WHAT YOU WILL DO - Copy every line of the records below where the word "vertical" occurs.

EXCERPTED DATA -
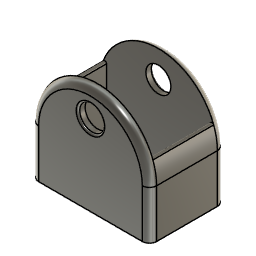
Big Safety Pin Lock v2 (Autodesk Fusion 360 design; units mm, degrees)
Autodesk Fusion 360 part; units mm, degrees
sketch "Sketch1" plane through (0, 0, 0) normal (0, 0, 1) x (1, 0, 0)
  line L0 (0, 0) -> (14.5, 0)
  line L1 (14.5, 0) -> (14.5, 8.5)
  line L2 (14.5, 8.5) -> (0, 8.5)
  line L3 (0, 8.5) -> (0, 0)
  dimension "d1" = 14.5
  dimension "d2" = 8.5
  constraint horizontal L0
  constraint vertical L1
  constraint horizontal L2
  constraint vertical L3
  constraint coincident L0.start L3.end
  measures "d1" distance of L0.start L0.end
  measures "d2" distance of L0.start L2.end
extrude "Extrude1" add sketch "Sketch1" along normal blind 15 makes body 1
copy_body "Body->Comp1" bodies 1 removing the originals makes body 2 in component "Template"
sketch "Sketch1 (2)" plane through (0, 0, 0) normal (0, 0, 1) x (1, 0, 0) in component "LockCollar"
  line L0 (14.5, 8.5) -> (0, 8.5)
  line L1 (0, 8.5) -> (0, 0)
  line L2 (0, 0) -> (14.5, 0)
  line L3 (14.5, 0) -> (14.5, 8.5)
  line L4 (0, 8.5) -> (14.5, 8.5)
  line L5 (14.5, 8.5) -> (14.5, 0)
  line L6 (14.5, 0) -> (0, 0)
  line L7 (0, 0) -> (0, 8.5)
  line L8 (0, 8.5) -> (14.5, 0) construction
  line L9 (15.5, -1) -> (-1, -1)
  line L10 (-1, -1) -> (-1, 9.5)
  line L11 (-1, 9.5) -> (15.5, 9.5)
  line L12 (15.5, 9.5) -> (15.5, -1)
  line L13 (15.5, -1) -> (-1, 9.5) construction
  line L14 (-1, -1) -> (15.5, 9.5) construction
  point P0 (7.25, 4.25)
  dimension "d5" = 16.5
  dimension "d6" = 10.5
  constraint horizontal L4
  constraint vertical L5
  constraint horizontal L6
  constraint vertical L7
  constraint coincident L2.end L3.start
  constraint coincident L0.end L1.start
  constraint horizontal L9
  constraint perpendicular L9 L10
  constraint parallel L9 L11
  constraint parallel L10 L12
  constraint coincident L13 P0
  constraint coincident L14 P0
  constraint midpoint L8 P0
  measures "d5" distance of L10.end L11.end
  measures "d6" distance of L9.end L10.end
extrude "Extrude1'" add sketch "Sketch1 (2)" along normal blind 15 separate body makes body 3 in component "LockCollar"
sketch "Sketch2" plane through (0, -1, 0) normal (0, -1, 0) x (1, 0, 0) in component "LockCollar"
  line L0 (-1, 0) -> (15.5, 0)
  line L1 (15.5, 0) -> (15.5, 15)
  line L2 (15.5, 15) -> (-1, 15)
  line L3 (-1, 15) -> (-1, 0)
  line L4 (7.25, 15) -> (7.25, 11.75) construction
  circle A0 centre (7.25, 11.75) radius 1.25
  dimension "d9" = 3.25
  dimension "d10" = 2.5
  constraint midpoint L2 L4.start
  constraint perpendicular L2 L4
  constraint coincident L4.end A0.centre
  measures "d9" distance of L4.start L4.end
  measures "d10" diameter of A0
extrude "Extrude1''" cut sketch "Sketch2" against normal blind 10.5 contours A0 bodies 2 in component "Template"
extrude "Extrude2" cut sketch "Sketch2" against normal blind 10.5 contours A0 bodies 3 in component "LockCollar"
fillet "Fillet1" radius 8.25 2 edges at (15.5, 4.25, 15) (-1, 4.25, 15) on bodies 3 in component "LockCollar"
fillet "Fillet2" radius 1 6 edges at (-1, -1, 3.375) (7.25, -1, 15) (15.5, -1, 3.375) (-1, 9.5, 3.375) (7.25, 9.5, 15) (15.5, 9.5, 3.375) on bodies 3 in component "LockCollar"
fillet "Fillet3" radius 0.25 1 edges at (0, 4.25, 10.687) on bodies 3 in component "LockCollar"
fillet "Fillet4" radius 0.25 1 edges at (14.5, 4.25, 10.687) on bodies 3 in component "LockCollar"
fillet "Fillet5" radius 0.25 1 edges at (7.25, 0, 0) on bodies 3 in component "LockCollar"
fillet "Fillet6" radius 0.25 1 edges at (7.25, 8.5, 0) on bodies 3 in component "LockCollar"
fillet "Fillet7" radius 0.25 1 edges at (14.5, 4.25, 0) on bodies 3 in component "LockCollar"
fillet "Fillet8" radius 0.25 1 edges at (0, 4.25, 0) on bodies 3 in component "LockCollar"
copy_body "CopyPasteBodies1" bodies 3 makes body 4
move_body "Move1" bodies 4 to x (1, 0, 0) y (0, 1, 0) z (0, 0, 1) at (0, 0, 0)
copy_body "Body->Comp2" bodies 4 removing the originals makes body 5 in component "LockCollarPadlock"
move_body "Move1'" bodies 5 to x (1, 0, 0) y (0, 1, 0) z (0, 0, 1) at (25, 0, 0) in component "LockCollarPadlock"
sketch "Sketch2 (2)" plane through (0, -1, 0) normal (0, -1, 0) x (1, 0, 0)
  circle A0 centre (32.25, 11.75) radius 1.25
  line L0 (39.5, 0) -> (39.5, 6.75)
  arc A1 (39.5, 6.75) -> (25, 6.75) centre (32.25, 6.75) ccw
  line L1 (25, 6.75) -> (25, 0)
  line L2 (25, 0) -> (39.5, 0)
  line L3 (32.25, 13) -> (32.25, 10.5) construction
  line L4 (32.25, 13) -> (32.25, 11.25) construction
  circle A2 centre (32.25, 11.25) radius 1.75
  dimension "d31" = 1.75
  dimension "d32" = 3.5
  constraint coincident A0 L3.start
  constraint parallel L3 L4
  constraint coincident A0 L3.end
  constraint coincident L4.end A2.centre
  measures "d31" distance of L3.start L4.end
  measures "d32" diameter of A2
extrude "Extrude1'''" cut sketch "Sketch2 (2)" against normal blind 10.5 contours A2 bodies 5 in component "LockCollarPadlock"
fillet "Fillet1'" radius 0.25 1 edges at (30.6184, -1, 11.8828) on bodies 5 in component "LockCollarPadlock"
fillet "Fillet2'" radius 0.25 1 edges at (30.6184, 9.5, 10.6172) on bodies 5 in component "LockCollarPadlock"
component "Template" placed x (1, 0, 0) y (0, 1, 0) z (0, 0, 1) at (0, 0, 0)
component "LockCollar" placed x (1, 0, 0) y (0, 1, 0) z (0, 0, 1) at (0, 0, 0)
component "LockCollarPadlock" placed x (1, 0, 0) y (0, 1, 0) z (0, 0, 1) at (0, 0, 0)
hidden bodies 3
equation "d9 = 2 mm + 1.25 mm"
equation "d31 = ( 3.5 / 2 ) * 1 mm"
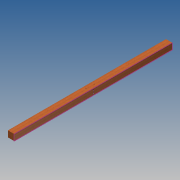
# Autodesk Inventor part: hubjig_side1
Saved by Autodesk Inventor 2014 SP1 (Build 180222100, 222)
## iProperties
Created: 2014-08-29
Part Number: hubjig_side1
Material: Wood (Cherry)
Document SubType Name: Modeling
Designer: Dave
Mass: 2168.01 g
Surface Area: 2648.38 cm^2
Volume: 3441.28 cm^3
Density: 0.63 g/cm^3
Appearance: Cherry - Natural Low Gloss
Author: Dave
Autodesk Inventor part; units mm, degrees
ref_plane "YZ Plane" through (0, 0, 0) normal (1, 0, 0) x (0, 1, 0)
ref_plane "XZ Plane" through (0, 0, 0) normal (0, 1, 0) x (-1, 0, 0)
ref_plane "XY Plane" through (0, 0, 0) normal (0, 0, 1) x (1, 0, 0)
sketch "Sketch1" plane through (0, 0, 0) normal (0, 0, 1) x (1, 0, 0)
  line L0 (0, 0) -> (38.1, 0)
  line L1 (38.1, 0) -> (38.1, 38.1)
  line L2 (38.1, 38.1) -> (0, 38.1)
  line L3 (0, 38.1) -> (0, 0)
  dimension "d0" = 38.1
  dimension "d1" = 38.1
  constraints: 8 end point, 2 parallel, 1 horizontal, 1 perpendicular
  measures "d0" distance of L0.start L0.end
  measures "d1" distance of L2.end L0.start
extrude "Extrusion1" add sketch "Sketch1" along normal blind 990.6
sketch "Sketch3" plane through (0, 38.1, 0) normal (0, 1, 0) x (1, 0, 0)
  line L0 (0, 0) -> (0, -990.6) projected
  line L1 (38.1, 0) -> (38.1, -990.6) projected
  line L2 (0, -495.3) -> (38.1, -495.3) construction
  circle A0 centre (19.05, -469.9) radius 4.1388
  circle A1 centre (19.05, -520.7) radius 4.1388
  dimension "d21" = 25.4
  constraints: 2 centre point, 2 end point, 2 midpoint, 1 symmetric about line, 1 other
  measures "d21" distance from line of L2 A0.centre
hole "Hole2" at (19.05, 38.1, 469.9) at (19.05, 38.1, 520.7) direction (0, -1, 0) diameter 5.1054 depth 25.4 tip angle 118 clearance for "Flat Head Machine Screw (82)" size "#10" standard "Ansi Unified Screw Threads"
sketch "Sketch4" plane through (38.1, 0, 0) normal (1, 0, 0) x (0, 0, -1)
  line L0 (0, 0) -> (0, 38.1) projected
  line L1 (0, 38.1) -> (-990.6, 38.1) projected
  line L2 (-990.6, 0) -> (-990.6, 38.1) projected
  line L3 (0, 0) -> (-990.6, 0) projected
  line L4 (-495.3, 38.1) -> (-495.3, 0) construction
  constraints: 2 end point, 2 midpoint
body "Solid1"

RESULT BELOW -
  constraint vertical L1
  constraint vertical L3
  constraint vertical L5
  constraint vertical L7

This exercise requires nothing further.